Ok, thank you so much for your advice. I will ring the stud owner tomorrow and try and get the details from them.

Thanks again.


----------



## mel (Jul 19, 2008)

This all sounds familar u didnt buy her frm her from Oldham/Rochdale did u ?


----------



## mel (Jul 19, 2008)

rocco33 said:


> I'm not an expert in bulldogs at all, but I have heard that they are a difficult to mate breed and breeders sometimes use AI without informing the KC so perhaps this is what they've done. They shouldn't and it's dishonest, but it happens.


Ok its dishonest as far as the KC dnt like it they really do need to move on AI offers no stress to the bitch is very clean for both dog and bitch..how many stud owners do u reckon put their boys on abs every so often ? the cost alone puts a lot off..ive known a lot of litter die due to canine herpes...im not looking for an arguement btw so please dnt slate me


----------



## RachaelAnn (Jun 13, 2010)

No, I brought her from Merseyside. Im not sure I understand the issue with AI, I dont really know why it is not accepted by the KC.


----------



## rocco33 (Dec 27, 2009)

> Ok its dishonest as far as the KC dnt like it they really do need to move on AI offers no stress to the bitch is very clean for both dog and bitch..how many stud owners do u reckon put their boys on abs every so often ? the cost alone puts a lot off..ive known a lot of litter die due to canine herpes...im not looking for an arguement btw so please dnt slate me


I'm not going to slate you at all, but I think the KC have very valid reasons for not allowing it and I agree with them. It is done to try to ensure that the genes of those incapable of mating naturally are not continued. Sadly the damage with bulldogs has already been done. Are you in bulldogs - if so perhaps that explains your stance.


----------



## rocco33 (Dec 27, 2009)

> Im not sure I understand the issue with AI, I dont really know why it is not accepted by the KC.


It is to prevent the possibilty of breeding dogs that are unable to mate naturally. The very thing that has happened to bulldogs . It does allow it under certain circumstances - ie an overseas stud, and it is why they used to onlyl allow it with dogs that had already produced a litter. This has recently changed and they do allow AI on maiden bitches, but they will no longer register the progeny of that bitch unless they have had a litter from a natural mating. Sadly, the difficulty in natural matings in bulldogs has made many breeders do it anyway and the result is a breed that is rarely able to be mated naturally  - very sad.

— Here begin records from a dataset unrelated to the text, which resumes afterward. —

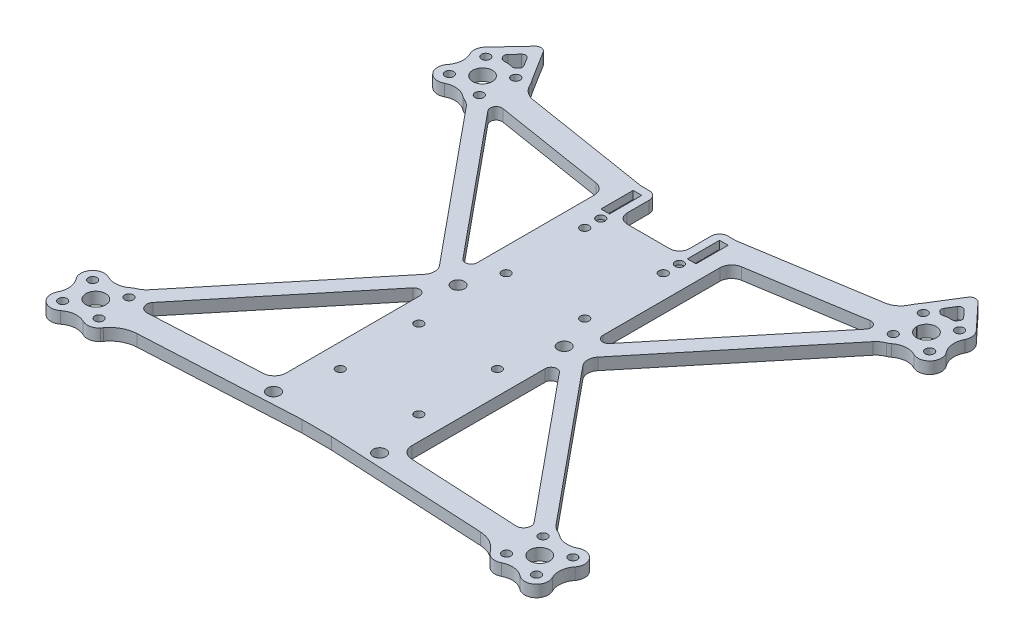
SolidWorks part; units mm, degrees
ref_plane "Front Plane" through (0, 0, 0) normal (0, 0, 1) x (1, 0, 0)
ref_plane "Top Plane" through (0, 0, 0) normal (0, 1, 0) x (1, 0, 0)
ref_plane "Right Plane" through (0, 0, 0) normal (1, 0, 0) x (0, 0, -1)
sketch "Sketch1" plane through (0, 0, 0) normal (0, 1, 0) x (1, 0, 0)
  line L0 (0, 42.225) -> (0, -42.225) construction
  line L1 (16, 42.225) -> (-16, 42.225)
  line L2 (16, 42.225) -> (16, -42.225)
  line L3 (16, -42.225) -> (-16, -42.225)
  line L4 (-16, 42.225) -> (-16, -42.225)
  line L5 (16, 42.225) -> (-16, -42.225) construction
  line L6 (16, -42.225) -> (-16, 42.225) construction
  line L12 (-12.1, 50.425) -> (-12.1, 52.425) construction
  line L17 (-11, 52.425) -> (-11, 42.225) construction
  line L18 (-7.9, 42.225) -> (-14.1, 42.225)
  line L20 (-10, 36) -> (10, 36)
  line L21 (-10, 36) -> (-10, 16)
  line L22 (-10, 16) -> (10, 16)
  line L23 (10, 36) -> (10, 16)
  line L24 (-10, 36) -> (10, 16) construction
  line L25 (-10, 16) -> (10, 36) construction
  line L26 (-14.5, 10.775) -> (14.5, 10.775)
  line L27 (-14.5, 10.775) -> (-14.5, 41.225)
  line L28 (-14.5, 41.225) -> (14.5, 41.225)
  line L29 (14.5, 10.775) -> (14.5, 41.225)
  line L30 (-14.5, 10.775) -> (14.5, 41.225) construction
  line L31 (-14.5, 41.225) -> (14.5, 10.775) construction
  line L32 (-10, -6.225) -> (10, -6.225)
  line L33 (-10, -6.225) -> (-10, -26.225)
  line L34 (-10, -26.225) -> (10, -26.225)
  line L35 (10, -6.225) -> (10, -26.225)
  line L36 (-10, -6.225) -> (10, -26.225) construction
  line L37 (-10, -26.225) -> (10, -6.225) construction
  line L38 (-15.75, -36.225) -> (15.75, -36.225)
  line L39 (-15.75, -36.225) -> (-15.75, 3.775)
  line L40 (-15.75, 3.775) -> (15.75, 3.775)
  line L41 (15.75, -36.225) -> (15.75, 3.775)
  line L42 (-15.75, -36.225) -> (15.75, 3.775) construction
  line L43 (-15.75, 3.775) -> (15.75, -36.225) construction
  line L48 (-7.9, 42.225) -> (-7.9, 52.425)
  line L49 (-7.9, 52.425) -> (-14.1, 52.425)
  line L59 (-14.1, 42.225) -> (-14.1, 52.425)
  line L63 (-12.1, 50.425) -> (-9.9, 50.425)
  line L64 (-12.1, 50.425) -> (-12.1, 42.225)
  line L65 (-12.1, 42.225) -> (-9.9, 42.225)
  line L66 (-9.9, 50.425) -> (-9.9, 42.225)
  line L67 (-12.1, 50.425) -> (-9.9, 42.225) construction
  line L68 (-12.1, 42.225) -> (-9.9, 50.425) construction
  line L69 (-12.1, 50.425) -> (-14.1, 50.425) construction
  line L74 (7.9, 42.225) -> (14.1, 42.225)
  line L75 (14.1, 42.225) -> (14.1, 52.425)
  line L76 (7.9, 52.425) -> (14.1, 52.425)
  line L77 (7.9, 42.225) -> (7.9, 52.425)
  line L78 (12.1, 50.425) -> (9.9, 50.425)
  line L79 (12.1, 50.425) -> (12.1, 42.225)
  line L80 (12.1, 42.225) -> (9.9, 42.225)
  line L81 (9.9, 50.425) -> (9.9, 42.225)
  line L82 (-14.5, 10.775) -> (-14.5, 3.775) construction
  line L83 (-14.5, 7.275) -> (16, 7.275) construction
  line L89 (-13.5, -37.225) -> (-16, -37.225) construction
  line L94 (-14.1, 52.425) -> (-16, 52.425)
  line L95 (-14.1, 52.425) -> (-14.1, 42.225)
  line L96 (-14.1, 42.225) -> (-16, 42.225)
  line L97 (-16, 52.425) -> (-16, 42.225)
  line L98 (14.1, 52.425) -> (16, 52.425)
  line L99 (14.1, 52.425) -> (14.1, 42.225)
  line L100 (14.1, 42.225) -> (16, 42.225)
  line L101 (16, 52.425) -> (16, 42.225)
  circle A3 centre (-10, 36) radius 1.1
  circle A4 centre (10, 36) radius 1.1
  circle A5 centre (10, 16) radius 1.1
  circle A6 centre (-10, 16) radius 1.1
  circle A7 centre (-10, -6.225) radius 1.1
  circle A8 centre (10, -6.225) radius 1.1
  circle A9 centre (10, -26.225) radius 1.1
  circle A10 centre (-10, -26.225) radius 1.1
  circle A37 centre (-13.5, 7.275) radius 2.5
  circle A38 centre (-13.5, 7.275) radius 1.625
  circle A39 centre (13.5, 7.275) radius 1.625
  circle A40 centre (-13.5, -39.725) radius 2.5
  circle A41 centre (-13.5, -39.725) radius 1.625
  circle A42 centre (13.5, -39.725) radius 1.625
  point P0 (0, 0)
  point P8 (0, 0)
  point P16 (0, 26)
  point P26 (0, 26)
  point P31 (0, -16.225)
  point P36 (0, -16.225)
  point P61 (-11, 46.325)
  dimension "D3" = 2
  dimension "D17" = 2.2
  dimension "D22" = 5
  dimension "D23" = 3.25
  dimension "D8" = 32
  dimension "D9" = 22
  dimension "D10" = 20
  dimension "D11" = 29
  dimension "D12" = 30.45
  dimension "D13" = 40
  dimension "D14" = 31.5
  dimension "D15" = 1
  dimension "D16" = 7
  dimension "D18" = 2.2
  dimension "D20" = 8.2
  dimension "D24" = 1
extrude "Base shape" add sketch "Sketch1" along normal blind 2 contours L63 L66 L1 L48 L49 L59 L18 L64 | L81 L78 L79 L1 L75 L76 L77 | L94 L97 L1 L59 | L101 L98 L75 L1 | L1 L4 L3 L2 | A4 | A3 | A7 | A8 | A9 | A10 | A5 | A6 | A39 | A38 | A41 | A42 region at (15.05, 0, -47.325) region at (13.1, 0, -42.3444) region at (-8.9, 0, -42.3444) region at (-15.05, 0, -47.325)
sketch "Sketch2" plane through (0, 0, 0) normal (0, -1, 0) x (1, 0, 0)
  line L0 (-12.1, -42.225) -> (-9.9, -50.425) construction
  line L1 (12.1, -42.225) -> (9.9, -50.425) construction
  line L4 (12.1, -42.225) -> (9.9, -42.225)
  line L5 (12.1, -50.425) -> (12.1, -42.225)
  line L6 (9.9, -50.425) -> (12.1, -50.425)
  line L7 (9.9, -42.225) -> (9.9, -50.425)
  line L8 (12.1, -42.225) -> (9.9, -42.225)
  line L9 (12.1, -50.425) -> (12.1, -42.225)
  line L10 (9.9, -50.425) -> (12.1, -50.425)
  line L11 (9.9, -42.225) -> (9.9, -50.425)
  line L12 (-9.9, -42.225) -> (-12.1, -42.225)
  line L13 (-9.9, -50.425) -> (-9.9, -42.225)
  line L14 (-12.1, -50.425) -> (-9.9, -50.425)
  line L15 (-12.1, -42.225) -> (-12.1, -50.425)
  line L16 (-9.9, -42.225) -> (-12.1, -42.225)
  line L17 (-9.9, -50.425) -> (-9.9, -42.225)
  line L18 (-12.1, -50.425) -> (-9.9, -50.425)
  line L19 (-12.1, -42.225) -> (-12.1, -50.425)
  circle A0 centre (-11, -46.325) radius 1.1
  circle A1 centre (11, -46.325) radius 1.1
  dimension "D1" = 0
  dimension "D2" = 0
extrude "Camera mount pockets" add sketch "Sketch2" against normal offset from surface (1 mm away) 1 contours A0 L19 | A0 L17 | A1 L9 | A1 L11 region at (11, 0, -43.8523) region at (11, 0, -48.7977) region at (-11, 0, -43.8523) region at (-11, 0, -48.7977) up to face at (11, 2, -46.325)
fillet "Main fillets" radius 2.5 6 edges at (7.9, 1, -42.225) (-7.9, 1, -42.225) (-16, 1, -52.425) (16, 1, -52.425) (-16, 1, 42.225) (16, 1, 42.225)
fillet "Inner camera mount fillets" radius 2.1 2 edges at (-7.9, 1, -52.425) (7.9, 1, -52.425)
sketch "Sketch3" plane through (0, 2, 0) normal (0, 1, 0) x (1, 0, 0)
  line L6 (12.1, 42.225) -> (12.1, 50.425)
  line L7 (9.9, 42.225) -> (12.1, 42.225)
  line L8 (-10, 52.425) -> (-13.5, 52.425)
  line L9 (-16, 49.925) -> (-16, -39.725)
  line L10 (-13.5, -42.225) -> (13.5, -42.225)
  line L11 (16, -39.725) -> (16, 49.925)
  line L12 (13.5, 52.425) -> (10, 52.425)
  line L13 (7.9, 50.325) -> (7.9, 44.725)
  line L14 (5.4, 42.225) -> (-5.4, 42.225)
  line L15 (-7.9, 44.725) -> (-7.9, 50.325)
  line L16 (-10, 52.425) -> (-13.5, 52.425)
  line L17 (-16, 49.925) -> (-16, -39.725)
  line L18 (-13.5, -42.225) -> (13.5, -42.225)
  line L19 (16, -39.725) -> (16, 49.925)
  line L20 (13.5, 52.425) -> (10, 52.425)
  line L21 (7.9, 50.325) -> (7.9, 44.725)
  line L22 (5.4, 42.225) -> (-5.4, 42.225)
  line L23 (-7.9, 44.725) -> (-7.9, 50.325)
  line L24 (9.9, 50.425) -> (9.9, 42.225)
  line L25 (12.1, 50.425) -> (9.9, 50.425)
  line L26 (12.1, 42.225) -> (12.1, 50.425)
  line L27 (9.9, 42.225) -> (12.1, 42.225)
  line L28 (9.9, 50.425) -> (9.9, 42.225)
  line L29 (12.1, 50.425) -> (9.9, 50.425)
  line L30 (-9.9, 42.225) -> (-9.9, 50.425)
  line L31 (-12.1, 42.225) -> (-9.9, 42.225)
  line L32 (-12.1, 50.425) -> (-12.1, 42.225)
  line L33 (-9.9, 50.425) -> (-12.1, 50.425)
  line L34 (-9.9, 42.225) -> (-9.9, 50.425)
  line L35 (-12.1, 42.225) -> (-9.9, 42.225)
  line L36 (-12.1, 50.425) -> (-12.1, 42.225)
  line L37 (-9.9, 50.425) -> (-12.1, 50.425)
  circle A0 centre (13.5, -39.725) radius 1.625 construction
  circle A1 centre (-13.5, -39.725) radius 1.625 construction
  circle A2 centre (-13.5, 7.275) radius 1.625 construction
  circle A3 centre (-10, -6.225) radius 1.1 construction
  circle A4 centre (-10, -26.225) radius 1.1 construction
  circle A5 centre (10, -26.225) radius 1.1 construction
  circle A6 centre (10, -6.225) radius 1.1 construction
  circle A7 centre (13.5, 7.275) radius 1.625 construction
  arc A8 (-13.5, 52.425) -> (-16, 49.925) centre (-13.5, 49.925) ccw
  arc A9 (-16, -39.725) -> (-13.5, -42.225) centre (-13.5, -39.725) ccw
  arc A10 (13.5, -42.225) -> (16, -39.725) centre (13.5, -39.725) ccw
  arc A11 (16, 49.925) -> (13.5, 52.425) centre (13.5, 49.925) ccw
  arc A12 (-7.9, 50.325) -> (-10, 52.425) centre (-10, 50.325) ccw
  arc A13 (5.4, 42.225) -> (7.9, 44.725) centre (5.4, 44.725) ccw
  arc A14 (-7.9, 44.725) -> (-5.4, 42.225) centre (-5.4, 44.725) ccw
  arc A15 (-7.9, 50.325) -> (-10, 52.425) centre (-10, 50.325) ccw
  arc A16 (-13.5, 52.425) -> (-16, 49.925) centre (-13.5, 49.925) ccw
  arc A17 (-16, -39.725) -> (-13.5, -42.225) centre (-13.5, -39.725) ccw
  arc A18 (13.5, -42.225) -> (16, -39.725) centre (13.5, -39.725) ccw
  arc A19 (16, 49.925) -> (13.5, 52.425) centre (13.5, 49.925) ccw
  arc A21 (5.4, 42.225) -> (7.9, 44.725) centre (5.4, 44.725) ccw
  arc A22 (-7.9, 44.725) -> (-5.4, 42.225) centre (-5.4, 44.725) ccw
  circle A24 centre (-10, 16) radius 1.1 construction
  circle A25 centre (-10, 36) radius 1.1 construction
  circle A26 centre (10, 36) radius 1.1 construction
  circle A27 centre (10, 16) radius 1.1 construction
  circle A28 centre (10, 16) radius 1.1
  circle A29 centre (10, 36) radius 1.1
  circle A30 centre (-10, 36) radius 1.1
  circle A31 centre (-10, 16) radius 1.1
  circle A32 centre (13.5, 7.275) radius 1.625
  circle A33 centre (10, -6.225) radius 1.1
  circle A34 centre (10, -26.225) radius 1.1
  circle A35 centre (-10, -26.225) radius 1.1
  circle A36 centre (-10, -6.225) radius 1.1
  circle A37 centre (13.5, -39.725) radius 1.625
  circle A38 centre (-13.5, -39.725) radius 1.625
  circle A39 centre (-13.5, 7.275) radius 1.625
  arc A48 (10, 52.425) -> (7.9, 50.325) centre (10, 50.325) ccw
  arc A49 (10, 52.425) -> (7.9, 50.325) centre (10, 50.325) ccw
  dimension "D1" = 0
  dimension "D2" = 0
  dimension "D3" = 0
extrude "Thicker base" add sketch "Sketch3" along normal blind 1
sketch "Sketch4" plane through (0, 0, 0) normal (0, -1, 0) x (1, 0, 0)
  line L0 (0, 13.9568) -> (0, -8.6953) construction
  line L1 (-14.1, -38.5) -> (-5.9, -38.5)
  line L2 (-14.1, -38.5) -> (-14.1, -41.7)
  line L3 (-14.1, -41.7) -> (-5.9, -41.7)
  line L4 (-5.9, -38.5) -> (-5.9, -41.7)
  line L5 (-10, -38.5) -> (-10, -41.7) construction
  line L7 (14.1, -38.5) -> (5.9, -38.5)
  line L8 (14.1, -38.5) -> (14.1, -41.7)
  line L9 (14.1, -41.7) -> (5.9, -41.7)
  line L10 (5.9, -38.5) -> (5.9, -41.7)
  line L11 (-14.1, -38.5) -> (-10.9, -41.7) construction
  line L12 (-14.1, -40.1) -> (-5.9, -40.1) construction
  circle A0 centre (-10, -36) radius 2
  circle A1 centre (-13.3929, -39.2071) radius 1
  circle A2 centre (-13.3929, -40.9929) radius 1
  circle A3 centre (-6.6071, -39.2071) radius 1
  circle A4 centre (-6.6071, -40.9929) radius 1
  circle A5 centre (6.6071, -40.9929) radius 1
  circle A6 centre (6.6071, -39.2071) radius 1
  circle A7 centre (13.3929, -39.2071) radius 1
  circle A8 centre (13.3929, -40.9929) radius 1
  point P9 (-10, -38)
  dimension "D5" = 4
  dimension "D7" = 2
  dimension "D1" = 8.2
  dimension "D2" = 3.2
  dimension "D3" = 10
  dimension "D4" = 0.5
  dimension "D6" = 45
extrude "Battery holder pockets" cut sketch "Sketch4" against normal offset from surface (2 mm away) 1 contours A2 L2 | A2 L3 | L2 A1 | L1 A1 | A3 L4 | A3 L1 | L4 A4 | L3 A4 | A5 L9 | A5 L10 | L10 A6 | L7 A6 | A7 L7 | A7 L8 | L8 A8 | L9 A8 | L3 L4 L1 L2 | L9 L10 L7 L8 region at (-13.3929, 0, -38.3812) region at (-14.2188, 0, -39.2071) region at (-6.6071, 0, -38.3812) region at (-14.2188, 0, -40.9929) region at (-5.7812, 0, -39.2071) region at (-13.3929, 0, -41.8188) region at (-6.6071, 0, -41.8188) region at (-5.7812, 0, -40.9929) region at (14.2188, 0, -39.2071) region at (13.3929, 0, -38.3812) region at (6.6071, 0, -38.3812) region at (14.2188, 0, -40.9929) region at (5.7812, 0, -39.2071) region at (13.3929, 0, -41.8188) region at (6.6071, 0, -41.8188) region at (5.7812, 0, -40.9929) up to face at (-13.5, 3, 41.35)
sketch "Sketch5" plane through (0, 2, 0) normal (0, -1, 0) x (1, 0, 0)
  line L0 (-10, -38.5) -> (-10, -41.7) construction
  line L1 (-12.6858, -38.5) -> (-7.3142, -38.5) construction
  line L2 (-12.6858, -41.7) -> (-7.3142, -41.7) construction
  line L3 (0, 5.9884) -> (0, -5.6723) construction
  circle A0 centre (-10, -40.1) radius 1.1
  circle A1 centre (10, -40.1) radius 1.1
  dimension "D1" = 2.2
extrude "Battery holder holes" cut sketch "Sketch5" against normal up to next
sketch "Sketch6" [suppressed] plane through (0, 0, 0) normal (0, -1, 0) x (1, 0, 0)
  line L0 (0, -5.1) -> (0, 9.653) construction
  line L8 (-13.5, -7.275) -> (13.5, -7.275) construction
  line L10 (-16, -25.775) -> (16, -25.775) construction
  line L11 (-16, -49.925) -> (-16, 39.725) construction
  line L12 (16, -49.925) -> (16, 39.725) construction
  line L13 (17.5, -34.275) -> (19, -34.275)
  line L14 (16, -37.275) -> (19, -37.275)
  line L15 (16, -37.275) -> (16, -14.275)
  line L16 (16, -14.275) -> (19, -14.275)
  line L17 (19, -37.275) -> (19, -14.275)
  line L18 (16, -37.275) -> (19, -14.275) construction
  line L19 (16, -14.275) -> (19, -37.275) construction
  line L20 (16, -35.775) -> (17.5, -35.775)
  line L21 (16, -35.775) -> (16, -15.775)
  line L22 (16, -15.775) -> (17.5, -15.775)
  line L23 (17.5, -35.775) -> (17.5, -15.775)
  line L24 (16, -35.775) -> (17.5, -15.775) construction
  line L25 (16, -15.775) -> (17.5, -35.775) construction
  line L26 (17.5, -17.275) -> (19, -17.275)
  line L27 (-17.5, -34.275) -> (-19, -34.275)
  line L28 (-17.5, -17.275) -> (-19, -17.275)
  line L29 (-16, -35.775) -> (-16, -15.775)
  line L30 (-16, -35.775) -> (-17.5, -35.775)
  line L31 (-17.5, -35.775) -> (-17.5, -15.775)
  line L32 (-16, -15.775) -> (-17.5, -15.775)
  line L33 (-16, -37.275) -> (-16, -14.275)
  line L34 (-16, -37.275) -> (-19, -37.275)
  line L35 (-19, -37.275) -> (-19, -14.275)
  line L36 (-16, -14.275) -> (-19, -14.275)
  line L37 (16, 22.725) -> (19, 22.725)
  line L38 (16, 22.725) -> (16, -0.275)
  line L39 (16, -0.275) -> (19, -0.275)
  line L40 (19, 22.725) -> (19, -0.275)
  line L41 (16, 21.225) -> (17.5, 21.225)
  line L42 (16, 21.225) -> (16, 1.225)
  line L43 (16, 1.225) -> (17.5, 1.225)
  line L44 (17.5, 21.225) -> (17.5, 1.225)
  line L45 (17.5, 2.725) -> (19, 2.725)
  line L46 (17.5, 19.725) -> (19, 19.725)
  line L47 (-17.5, 19.725) -> (-19, 19.725)
  line L48 (-17.5, 2.725) -> (-19, 2.725)
  line L49 (-16, 21.225) -> (-16, 1.225)
  line L50 (-16, 21.225) -> (-17.5, 21.225)
  line L51 (-17.5, 21.225) -> (-17.5, 1.225)
  line L52 (-16, 1.225) -> (-17.5, 1.225)
  line L53 (-16, 22.725) -> (-16, -0.275)
  line L54 (-16, 22.725) -> (-19, 22.725)
  line L55 (-19, 22.725) -> (-19, -0.275)
  line L56 (-16, -0.275) -> (-19, -0.275)
  point P19 (17.5, -25.775)
  point P25 (16.75, -25.775)
  line M18 (16, -49.925) -> (16, 39.725)
  line M22 (-16, 39.725) -> (-16, -49.925)
  dimension "D1" = 14
  dimension "D4" = 23
  dimension "D5" = 3
  dimension "D6" = 1.5
  dimension "D7" = 20
  dimension "D8" = 1.5
extrude "Strap holders" [suppressed] add sketch "Sketch6" against normal up to surface (2 mm away) contours L23 L20 L14 L17 L13 M18 | L23 L26 L17 L16 L22 M18 | L45 L44 L43 L39 L40 M18 | L44 L46 L40 L37 L38 L41 | L54 L55 L47 L51 L50 M22 | L56 L52 L51 L48 L55 M22 | L36 L35 L28 L31 L32 M22 | L35 L34 L30 L31 L27 M22 up to face at (-10, 2, -41.2)
fillet "Strap holder fillets" [suppressed] radius 0.75
sketch "Sketch7" plane through (0, 3, 0) normal (0, 1, 0) x (1, 0, 0)
  line L0 (-56.5, 56.5) -> (-16, 50.0116) construction
  line L1 (56.5, -56.5) -> (-56.5, -56.5)
  line L2 (56.5, -56.5) -> (56.5, 56.5)
  line L3 (56.5, 56.5) -> (-56.5, 56.5)
  line L4 (-56.5, -56.5) -> (-56.5, 56.5)
  line L5 (56.5, -56.5) -> (-56.5, 56.5) construction
  line L6 (56.5, 56.5) -> (-56.5, -56.5) construction
  line L7 (-16, 49.925) -> (-16, -39.725) construction
  line L8 (-56.9746, 53.5378) -> (-16.4746, 47.0493)
  line L9 (-47.647, 58.1199) -> (-12.1, 52.425)
  line L10 (-56.0254, 59.4622) -> (-15.5254, 52.9738) construction
  line L11 (-13.5, 7.275) -> (13.5, 7.275) construction
  line L12 (-63.45, 50.7819) -> (-49.55, 62.2181) construction
  line L13 (-56.5, 56.5) -> (-16, 7.275) construction
  line L14 (-58.0444, 55.2293) -> (-17.5444, 6.0043)
  line L15 (-54.9556, 57.7707) -> (-14.4556, 8.5457)
  line L16 (-17.5444, 6.0043) -> (-16, 4.1271)
  line L17 (-56.5, 56.5) -> (-60.3121, 61.1333) construction
  line L18 (-56.5, 65.5) -> (-56.5, 47.5) construction
  line L19 (-60.3121, 61.1333) -> (-51.8667, 60.3121) construction
  line L20 (-56.0894, 60.7227) -> (-55.3151, 68.6852) construction
  line L21 (-56.4116, 69.7087) -> (-62.3842, 63.31)
  line L22 (-54.0419, 69.4782) -> (-49.414, 62.0488)
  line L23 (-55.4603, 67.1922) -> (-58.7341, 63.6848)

The KC gets criticised constantly for being the cause of problems being bred into breeds, but where they take action to avoid this, breeders do it anyway dishonestly to the ruination of the breed.


----------



## Blissful Dog Groomer (Mar 30, 2010)

thats what my thoughts were about the stolen bit! u any closer to sorting this out yet



rocco33 said:


> Oh dear - this really is a mess - I really feel for you.
> 
> How can he not know who the registered owner is? I have to say, I suspect if he is the breeder it is in the very worst sense. This is a breed of dog that is not for the inexperienced breeder, so I would wonder what other corners he's cut. Like Swarthy, I too, wondered if he could be a dealer. They can come across as very nice and plausible, and worst case scenario, could this bitch perhaps have been stolen? It all sounds very strange, and sadly I think you will have to accept that your pup will not be registered. Given that you implied you paid a lot of money for him, then as Swarthy says, if they were advertised as KC registered - he is breaking the law and I would follow that up.


----------



## hawksport (Dec 27, 2009)

Without dna the kennel club should refuse to register these puppies


----------



## mel (Jul 19, 2008)

RachaelAnn said:


> No, I brought her from Merseyside. Im not sure I understand the issue with AI, I dont really know why it is not accepted by the KC.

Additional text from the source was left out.